■ Task details
The expected answer comprises all lines from the entries that contain the string "bruno".

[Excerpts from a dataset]
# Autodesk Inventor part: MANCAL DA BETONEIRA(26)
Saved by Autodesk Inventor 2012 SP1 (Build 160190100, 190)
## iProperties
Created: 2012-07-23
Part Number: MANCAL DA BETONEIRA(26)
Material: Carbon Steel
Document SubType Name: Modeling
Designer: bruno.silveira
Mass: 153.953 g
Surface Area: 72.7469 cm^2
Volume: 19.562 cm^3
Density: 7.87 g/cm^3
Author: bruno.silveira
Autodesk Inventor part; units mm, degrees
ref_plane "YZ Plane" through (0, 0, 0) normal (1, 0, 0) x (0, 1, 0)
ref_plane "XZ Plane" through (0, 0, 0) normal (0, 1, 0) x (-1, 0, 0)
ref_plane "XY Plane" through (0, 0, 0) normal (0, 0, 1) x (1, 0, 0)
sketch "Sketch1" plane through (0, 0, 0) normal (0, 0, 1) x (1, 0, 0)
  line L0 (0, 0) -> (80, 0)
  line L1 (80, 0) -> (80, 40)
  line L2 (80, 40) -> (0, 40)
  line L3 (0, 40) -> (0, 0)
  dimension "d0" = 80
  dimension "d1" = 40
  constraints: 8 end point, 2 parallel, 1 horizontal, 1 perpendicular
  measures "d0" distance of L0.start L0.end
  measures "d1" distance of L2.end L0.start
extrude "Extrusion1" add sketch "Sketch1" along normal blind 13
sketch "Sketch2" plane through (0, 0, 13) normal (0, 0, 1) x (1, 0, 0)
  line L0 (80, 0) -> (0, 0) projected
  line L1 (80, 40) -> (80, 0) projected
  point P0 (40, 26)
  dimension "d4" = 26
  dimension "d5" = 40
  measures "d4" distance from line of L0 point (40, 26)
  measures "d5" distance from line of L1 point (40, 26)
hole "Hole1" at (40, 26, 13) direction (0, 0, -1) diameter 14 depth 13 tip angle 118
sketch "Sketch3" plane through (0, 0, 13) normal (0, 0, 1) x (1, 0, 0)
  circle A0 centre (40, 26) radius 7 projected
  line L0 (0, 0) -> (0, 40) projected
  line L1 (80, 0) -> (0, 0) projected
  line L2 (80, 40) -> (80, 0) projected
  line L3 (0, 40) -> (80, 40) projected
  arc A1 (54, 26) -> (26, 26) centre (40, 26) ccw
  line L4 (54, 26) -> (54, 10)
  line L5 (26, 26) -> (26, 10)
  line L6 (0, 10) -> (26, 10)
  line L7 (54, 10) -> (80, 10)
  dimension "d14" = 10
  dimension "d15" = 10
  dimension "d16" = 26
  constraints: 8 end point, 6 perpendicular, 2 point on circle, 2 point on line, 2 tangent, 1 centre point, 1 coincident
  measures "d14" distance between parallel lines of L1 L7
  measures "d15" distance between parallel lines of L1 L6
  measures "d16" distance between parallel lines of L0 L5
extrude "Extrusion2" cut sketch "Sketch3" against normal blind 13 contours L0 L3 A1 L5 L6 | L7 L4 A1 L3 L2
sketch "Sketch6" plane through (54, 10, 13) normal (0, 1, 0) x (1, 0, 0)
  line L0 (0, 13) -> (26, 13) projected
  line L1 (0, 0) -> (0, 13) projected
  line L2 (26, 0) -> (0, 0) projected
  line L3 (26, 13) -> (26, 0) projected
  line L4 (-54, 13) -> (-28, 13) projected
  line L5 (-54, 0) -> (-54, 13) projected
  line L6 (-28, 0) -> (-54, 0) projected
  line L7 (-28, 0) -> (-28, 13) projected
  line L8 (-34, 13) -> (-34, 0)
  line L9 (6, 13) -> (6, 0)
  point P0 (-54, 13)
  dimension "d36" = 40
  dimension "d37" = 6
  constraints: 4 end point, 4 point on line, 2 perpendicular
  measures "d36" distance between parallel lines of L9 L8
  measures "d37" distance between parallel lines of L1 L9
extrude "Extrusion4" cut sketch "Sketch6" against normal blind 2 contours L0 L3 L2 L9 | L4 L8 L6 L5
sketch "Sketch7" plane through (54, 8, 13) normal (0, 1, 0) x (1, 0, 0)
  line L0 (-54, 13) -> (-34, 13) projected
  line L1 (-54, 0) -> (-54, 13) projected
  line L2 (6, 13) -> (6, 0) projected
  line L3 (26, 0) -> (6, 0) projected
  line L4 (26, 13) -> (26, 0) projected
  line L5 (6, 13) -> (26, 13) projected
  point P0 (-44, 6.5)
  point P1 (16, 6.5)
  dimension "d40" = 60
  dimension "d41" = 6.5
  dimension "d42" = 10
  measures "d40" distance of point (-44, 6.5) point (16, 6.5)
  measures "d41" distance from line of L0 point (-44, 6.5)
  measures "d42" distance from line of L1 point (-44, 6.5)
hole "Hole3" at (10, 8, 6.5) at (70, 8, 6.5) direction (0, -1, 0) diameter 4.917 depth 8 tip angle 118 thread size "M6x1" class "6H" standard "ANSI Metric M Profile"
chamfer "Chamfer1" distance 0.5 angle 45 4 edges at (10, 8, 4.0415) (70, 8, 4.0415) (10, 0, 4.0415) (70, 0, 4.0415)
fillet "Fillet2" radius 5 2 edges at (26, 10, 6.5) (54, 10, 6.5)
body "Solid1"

■ Expected output
Designer: bruno.silveira
Author: bruno.silveira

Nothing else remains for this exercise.